Especially in larger organizations, HR controlling plays a central role in managing short-time work. Beyond documentation, the goal is to make confident decisions based on dependable data.

Key metrics typically include:

  • Short-time work rate by function or location
  • Average lost hours per employee
  • Productivity relative to hours worked
  • Variance between planned and actual working time
  • Cost trends related to short-time work

These KPIs can only be measured reliably when the underlying data is captured systematically and consistently.

Digitalizing Time Tracking: The Dependable Solution

Digitizing time tracking is the decisive step for managing short-time work efficiently and in a legally compliant way. This is not only about replacing Excel, but also about establishing end-to-end processes.

A central platform creates a single source of truth and prevents disconnected workflows. For organizations with multiple locations, this delivers transparency and comparability. Cloud-based solutions add further advantages, including location-independent access, high scalability, and automatic updates. Modern systems such as SaaS time tracking (Software as a Service) also make it possible to map complex working time models with the flexibility that HR and IT teams require.

Time tracking should also be tightly integrated with broader HR processes. An integrated cloud HR software approach ensures that all relevant data is processed consistently, from time entry through payroll. Regardless of the digital solution you choose, it is essential to ensure that all processes are designed to be GDPR-compliant.

Conclusion: Short-Time Work Requires Professional Time Tracking

Short-time work creates organizational and legal challenges that go far beyond basic time tracking. Requirements for documentation, traceability, and audit readiness are significantly higher.

Excel is not built for these requirements over the long term.

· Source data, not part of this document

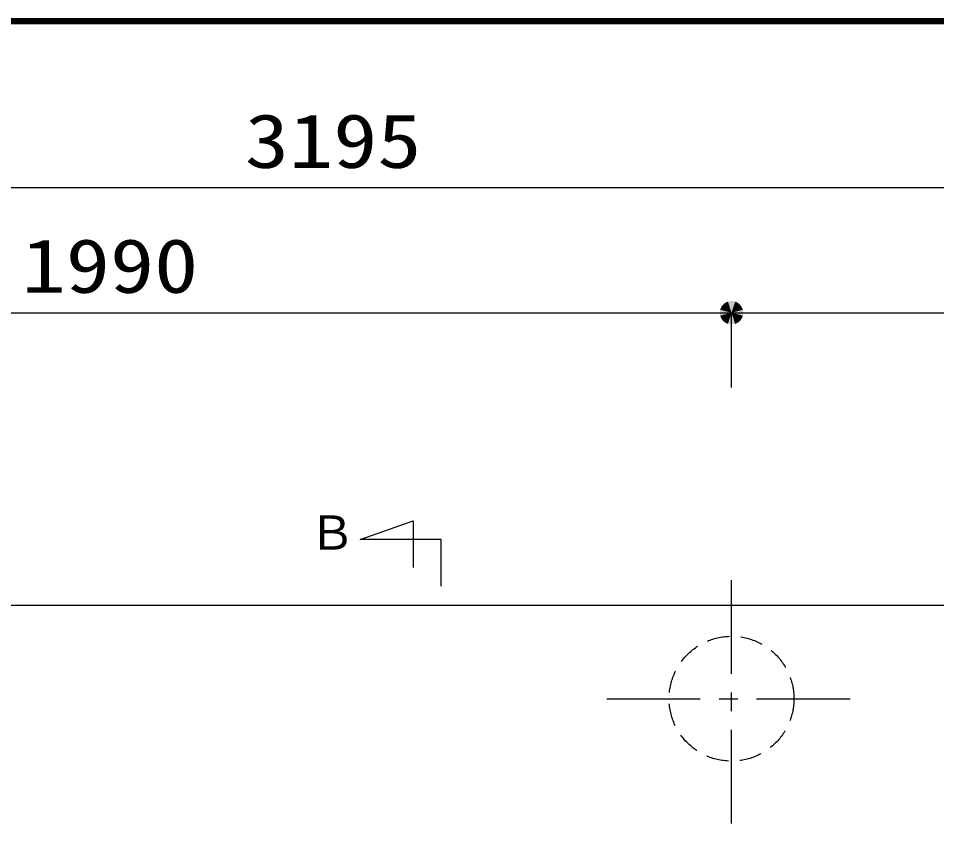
# Model space of a CAD drawing. Units: millimetres, scale not verified. Extents: x -8093 to 8093, y -5792 to 5792.
# Drawn here: x -5273 to -3802, y 4461 to 5792 of the extents above; entities that cross this region are included whole.
import ezdxf
from ezdxf.enums import TextEntityAlignment as Align

# ---------------------------------------------------------------- set-up
doc = ezdxf.new("R2010")
doc.units = ezdxf.units.MM
doc.header["$LTSCALE"] = 30
doc.linetypes.add('CHAIN1', pattern=[8, 5, -1, 1, -1])
doc.linetypes.add('DASHED1', pattern=[1.8, 1.2, -0.6])
for name, color, linetype, lineweight in [('0-0_Axis_waku', 7, 'Continuous', 25), ('0-1_00クル-フ-0躯体', 3, 'Continuous', 25), ('0-3_00クル-フ-1機器', 2, 'Continuous', 25), ('0-4_00クル-フ-6寸法', 132, 'Continuous', 25)]:
    doc.layers.add(name, color=color, linetype=linetype, lineweight=lineweight)
doc.styles.add('ＭＳ ゴシック', font='')
doc.styles.get('ＭＳ ゴシック').set_extended_font_data('MS Gothic')

msp = doc.modelspace()

# ---------------------------------------------------------------- linework, layer by layer
at = {"layer": '0-0_Axis_waku'}
for p, q in [((-8093.4, 5792.4), (8093.4, 5792.4)), ((-8092.8, 5791.8), (8092.8, 5791.8)), ((-8092.2, 5791.2), (8092.2, 5791.2)), ((-8091.6, 5790.6), (8091.6, 5790.6)), ((-8091, 5790), (8091, 5790)), ((-8090.4, 5789.4), (8090.4, 5789.4)), ((-8089.8, 5788.8), (8089.8, 5788.8)), ((-8089.2, 5788.2), (8089.2, 5788.2)), ((-8088.6, 5787.6), (8088.6, 5787.6)), ((-8088, 5787), (8088, 5787)), ((-8087.4, 5786.4), (8087.4, 5786.4)), ((-8086.8, 5785.8), (8086.8, 5785.8)), ((-8086.2, 5785.2), (8086.2, 5785.2)), ((-8085.6, 5784.6), (8085.6, 5784.6)), ((-8085, 5784), (8085, 5784))]:
    msp.add_line(p, q, dxfattribs=at)
at = {"layer": '0-1_00クル-フ-0躯体'}
msp.add_lwpolyline([(-4595.49, 4882.94), (-4595.49, 4957.94), (-4725.49, 4957.94), (-4640.49, 4987.94), (-4640.49, 4912.94)], dxfattribs=at)
at = {"layer": '0-3_00クル-フ-1機器', "linetype": 'CHAIN1'}
for p, q in [((-4130.41, 4502.94), (-4130.41, 4902.94)), ((-4330.41, 4702.94), (-3930.41, 4702.94))]:
    msp.add_line(p, q, dxfattribs=at)
at = {"layer": '0-3_00クル-フ-1機器'}
msp.add_lwpolyline([(-6370.41, 4852.94), (-3175.41, 4852.94), (-3175.41, 2932.94)], dxfattribs=at)
at = {"layer": '0-3_00クル-フ-1機器', "linetype": 'DASHED1'}
msp.add_circle((-4130.41, 4702.94), 100, dxfattribs=at)
at = {"layer": '0-4_00クル-フ-6寸法', "color": 4}
for p, q in [((-3175.41, 5521.06), (-6370.41, 5521.06)), ((-6120.41, 5321.06), (-4130.41, 5321.06)), ((-4130.41, 5201.06), (-4130.41, 5321.06)), ((-4130.41, 5201.06), (-4130.41, 5321.06)), ((-4130.41, 5321.06), (-3175.41, 5321.06))]:
    msp.add_line(p, q, dxfattribs=at)
at = {"layer": '0-4_00クル-フ-6寸法'}
for points in [[(-4130.41, 5321.06), (-4149.01, 5323.41), (-4148.57, 5325.72)], [(-4130.41, 5321.06), (-4149.01, 5323.41), (-4148.57, 5325.72)], [(-4130.41, 5321.06), (-4148.57, 5325.72), (-4147.84, 5327.96)], [(-4130.41, 5321.06), (-4148.57, 5325.72), (-4147.84, 5327.96)], [(-4130.41, 5321.06), (-4147.84, 5327.96), (-4146.84, 5330.09)], [(-4130.41, 5321.06), (-4147.84, 5327.96), (-4146.84, 5330.09)], [(-4130.41, 5321.06), (-4146.84, 5330.09), (-4145.58, 5332.08)], [(-4130.41, 5321.06), (-4146.84, 5330.09), (-4145.58, 5332.08)], [(-4130.41, 5321.06), (-4145.58, 5332.08), (-4144.07, 5333.89)], [(-4130.41, 5321.06), (-4145.58, 5332.08), (-4144.07, 5333.89)], [(-4130.41, 5321.06), (-4144.07, 5333.89), (-4142.36, 5335.5)], [(-4130.41, 5321.06), (-4144.07, 5333.89), (-4142.36, 5335.5)], [(-4130.41, 5321.06), (-4142.36, 5335.5), (-4140.45, 5336.89)], [(-4130.41, 5321.06), (-4142.36, 5335.5), (-4140.45, 5336.89)], [(-4130.41, 5321.06), (-4140.45, 5336.89), (-4138.39, 5338.02)], [(-4130.41, 5321.06), (-4140.45, 5336.89), (-4138.39, 5338.02)], [(-4130.41, 5321.06), (-4138.39, 5338.02), (-4136.2, 5338.89)], [(-4130.41, 5321.06), (-4138.39, 5338.02), (-4136.2, 5338.89)], [(-4130.41, 5321.06), (-4136.2, 5338.89), (-4133.92, 5339.47)], [(-4130.41, 5321.06), (-4136.2, 5338.89), (-4133.92, 5339.47)], [(-4130.41, 5321.06), (-4133.92, 5339.47), (-4131.58, 5339.77)], [(-4130.41, 5321.06), (-4133.92, 5339.47), (-4131.58, 5339.77)], [(-4130.41, 5321.06), (-4131.58, 5339.77), (-4129.23, 5339.77)], [(-4130.41, 5321.06), (-4131.58, 5339.77), (-4129.23, 5339.77)], [(-4130.41, 5321.06), (-4129.23, 5339.77), (-4126.89, 5339.47)], [(-4130.41, 5321.06), (-4129.23, 5339.77), (-4126.89, 5339.47)], [(-4130.41, 5321.06), (-4126.89, 5339.47), (-4124.61, 5338.89)], [(-4130.41, 5321.06), (-4126.89, 5339.47), (-4124.61, 5338.89)], [(-4130.41, 5321.06), (-4124.61, 5338.89), (-4122.42, 5338.02)], [(-4130.41, 5321.06), (-4124.61, 5338.89), (-4122.42, 5338.02)], [(-4130.41, 5321.06), (-4122.42, 5338.02), (-4120.36, 5336.89)], [(-4130.41, 5321.06), (-4122.42, 5338.02), (-4120.36, 5336.89)], [(-4130.41, 5321.06), (-4120.36, 5336.89), (-4118.45, 5335.5)], [(-4130.41, 5321.06), (-4120.36, 5336.89), (-4118.45, 5335.5)], [(-4130.41, 5321.06), (-4118.45, 5335.5), (-4116.74, 5333.89)], [(-4130.41, 5321.06), (-4118.45, 5335.5), (-4116.74, 5333.89)], [(-4130.41, 5321.06), (-4116.74, 5333.89), (-4115.24, 5332.08)], [(-4130.41, 5321.06), (-4116.74, 5333.89), (-4115.24, 5332.08)], [(-4130.41, 5321.06), (-4115.24, 5332.08), (-4113.98, 5330.09)], [(-4130.41, 5321.06), (-4115.24, 5332.08), (-4113.98, 5330.09)], [(-4130.41, 5321.06), (-4113.98, 5330.09), (-4112.97, 5327.96)], [(-4130.41, 5321.06), (-4113.98, 5330.09), (-4112.97, 5327.96)], [(-4130.41, 5321.06), (-4112.97, 5327.96), (-4112.25, 5325.72)], [(-4130.41, 5321.06), (-4112.97, 5327.96), (-4112.25, 5325.72)], [(-4130.41, 5321.06), (-4112.25, 5325.72), (-4111.8, 5323.41)], [(-4130.41, 5321.06), (-4112.25, 5325.72), (-4111.8, 5323.41)], [(-4130.41, 5321.06), (-4149.16, 5321.06), (-4149.01, 5323.41)], [(-4130.41, 5321.06), (-4149.16, 5321.06), (-4149.01, 5323.41)], [(-4130.41, 5321.06), (-4149.01, 5318.71), (-4149.16, 5321.06)], [(-4130.41, 5321.06), (-4149.01, 5318.71), (-4149.16, 5321.06)], [(-4130.41, 5321.06), (-4148.57, 5316.39), (-4149.01, 5318.71)], [(-4130.41, 5321.06), (-4148.57, 5316.39), (-4149.01, 5318.71)], [(-4130.41, 5321.06), (-4147.84, 5314.15), (-4148.57, 5316.39)], [(-4130.41, 5321.06), (-4147.84, 5314.15), (-4148.57, 5316.39)], [(-4130.41, 5321.06), (-4146.84, 5312.02), (-4147.84, 5314.15)], [(-4130.41, 5321.06), (-4146.84, 5312.02), (-4147.84, 5314.15)], [(-4130.41, 5321.06), (-4145.58, 5310.03), (-4146.84, 5312.02)], [(-4130.41, 5321.06), (-4145.58, 5310.03), (-4146.84, 5312.02)], [(-4130.41, 5321.06), (-4144.07, 5308.22), (-4145.58, 5310.03)], [(-4130.41, 5321.06), (-4144.07, 5308.22), (-4145.58, 5310.03)], [(-4130.41, 5321.06), (-4142.36, 5306.61), (-4144.07, 5308.22)], [(-4130.41, 5321.06), (-4142.36, 5306.61), (-4144.07, 5308.22)], [(-4130.41, 5321.06), (-4140.45, 5305.22), (-4142.36, 5306.61)], [(-4130.41, 5321.06), (-4140.45, 5305.22), (-4142.36, 5306.61)], [(-4130.41, 5321.06), (-4138.39, 5304.09), (-4140.45, 5305.22)], [(-4130.41, 5321.06), (-4138.39, 5304.09), (-4140.45, 5305.22)], [(-4130.41, 5321.06), (-4136.2, 5303.22), (-4138.39, 5304.09)], [(-4130.41, 5321.06), (-4136.2, 5303.22), (-4138.39, 5304.09)], [(-4130.41, 5321.06), (-4133.92, 5302.64), (-4136.2, 5303.22)], [(-4130.41, 5321.06), (-4133.92, 5302.64), (-4136.2, 5303.22)], [(-4130.41, 5321.06), (-4131.58, 5302.34), (-4133.92, 5302.64)], [(-4130.41, 5321.06), (-4131.58, 5302.34), (-4133.92, 5302.64)], [(-4130.41, 5321.06), (-4129.23, 5302.34), (-4131.58, 5302.34)], [(-4130.41, 5321.06), (-4129.23, 5302.34), (-4131.58, 5302.34)], [(-4130.41, 5321.06), (-4111.8, 5323.41), (-4111.66, 5321.06)], [(-4130.41, 5321.06), (-4111.8, 5323.41), (-4111.66, 5321.06)], [(-4130.41, 5321.06), (-4126.89, 5302.64), (-4129.23, 5302.34)], [(-4130.41, 5321.06), (-4124.61, 5303.22), (-4126.89, 5302.64)], [(-4130.41, 5321.06), (-4122.42, 5304.09), (-4124.61, 5303.22)], [(-4130.41, 5321.06), (-4120.36, 5305.22), (-4122.42, 5304.09)], [(-4130.41, 5321.06), (-4118.45, 5306.61), (-4120.36, 5305.22)], [(-4130.41, 5321.06), (-4116.74, 5308.22), (-4118.45, 5306.61)], [(-4130.41, 5321.06), (-4115.24, 5310.03), (-4116.74, 5308.22)], [(-4130.41, 5321.06), (-4113.98, 5312.02), (-4115.24, 5310.03)], [(-4130.41, 5321.06), (-4112.97, 5314.15), (-4113.98, 5312.02)], [(-4130.41, 5321.06), (-4112.25, 5316.39), (-4112.97, 5314.15)], [(-4130.41, 5321.06), (-4111.8, 5318.71), (-4112.25, 5316.39)], [(-4130.41, 5321.06), (-4111.66, 5321.06), (-4111.8, 5318.71)], [(-4130.41, 5321.06), (-4126.89, 5302.64), (-4129.23, 5302.34)], [(-4130.41, 5321.06), (-4124.61, 5303.22), (-4126.89, 5302.64)], [(-4130.41, 5321.06), (-4122.42, 5304.09), (-4124.61, 5303.22)], [(-4130.41, 5321.06), (-4120.36, 5305.22), (-4122.42, 5304.09)], [(-4130.41, 5321.06), (-4118.45, 5306.61), (-4120.36, 5305.22)], [(-4130.41, 5321.06), (-4116.74, 5308.22), (-4118.45, 5306.61)], [(-4130.41, 5321.06), (-4115.24, 5310.03), (-4116.74, 5308.22)], [(-4130.41, 5321.06), (-4113.98, 5312.02), (-4115.24, 5310.03)], [(-4130.41, 5321.06), (-4112.97, 5314.15), (-4113.98, 5312.02)], [(-4130.41, 5321.06), (-4112.25, 5316.39), (-4112.97, 5314.15)], [(-4130.41, 5321.06), (-4111.8, 5318.71), (-4112.25, 5316.39)], [(-4130.41, 5321.06), (-4111.66, 5321.06), (-4111.8, 5318.71)]]:
    msp.add_solid(points, dxfattribs=at)

# ---------------------------------------------------------------- texts
at = {"layer": '0-1_00クル-フ-0躯体', "color": 4, "style": 'ＭＳ ゴシック'}
msp.add_text('Ｂ', height=54.99, dxfattribs=at).set_placement((-4807.85, 4924.96), align=Align.BOTTOM_LEFT)
at = {"layer": '0-4_00クル-フ-6寸法', "color": 3, "style": 'ＭＳ ゴシック', "width": 1.2}
for s, p in [('3195', (-4910.05, 5526.9)), ('1990', (-5267.69, 5326.9))]:
    msp.add_text(s, height=86.66, dxfattribs=at).set_placement(p, align=Align.BOTTOM_LEFT)

doc.saveas('drawing.dxf')

Missing version control, manual calculations, and limited transparency quickly create risk, both operationally and legally. Digital, audit-ready time tracking provides the foundation you need. It enables complete documentation, automated reporting, and smooth preparation for audits.

Especially in enterprise environments with multiple locations, an integrated solution is essential. The right system enables companies to manage short-time work in a structured, efficient, and compliant way.

If you want to manage short-time work sustainably and professionally, you should invest early in modern time tracking, for compliance reasons and as a strategic advantage for HR management.

How GFOS Time Tracking Software Works

With time tracking software, the data required to calculate short-time work benefits can be generated automatically. You can then use it to support payroll processing. By capturing employee time, the system can calculate short-time work hours directly. These hours are offset against the hours actually worked and are based on the target working time stored in the time tracking system.

With individual employee time accounts, you can easily represent different scenarios, such as 50 percent or 70 percent short-time work, and then store them in the system automatically. The same data remains available later in the software and can be used for reporting.

Implement Short-Time Work with Confidence Using GFOS

Do you need a clear, reliable solution for time tracking during short-time work? We are here to help, with a modular workforce management platform that includes time management.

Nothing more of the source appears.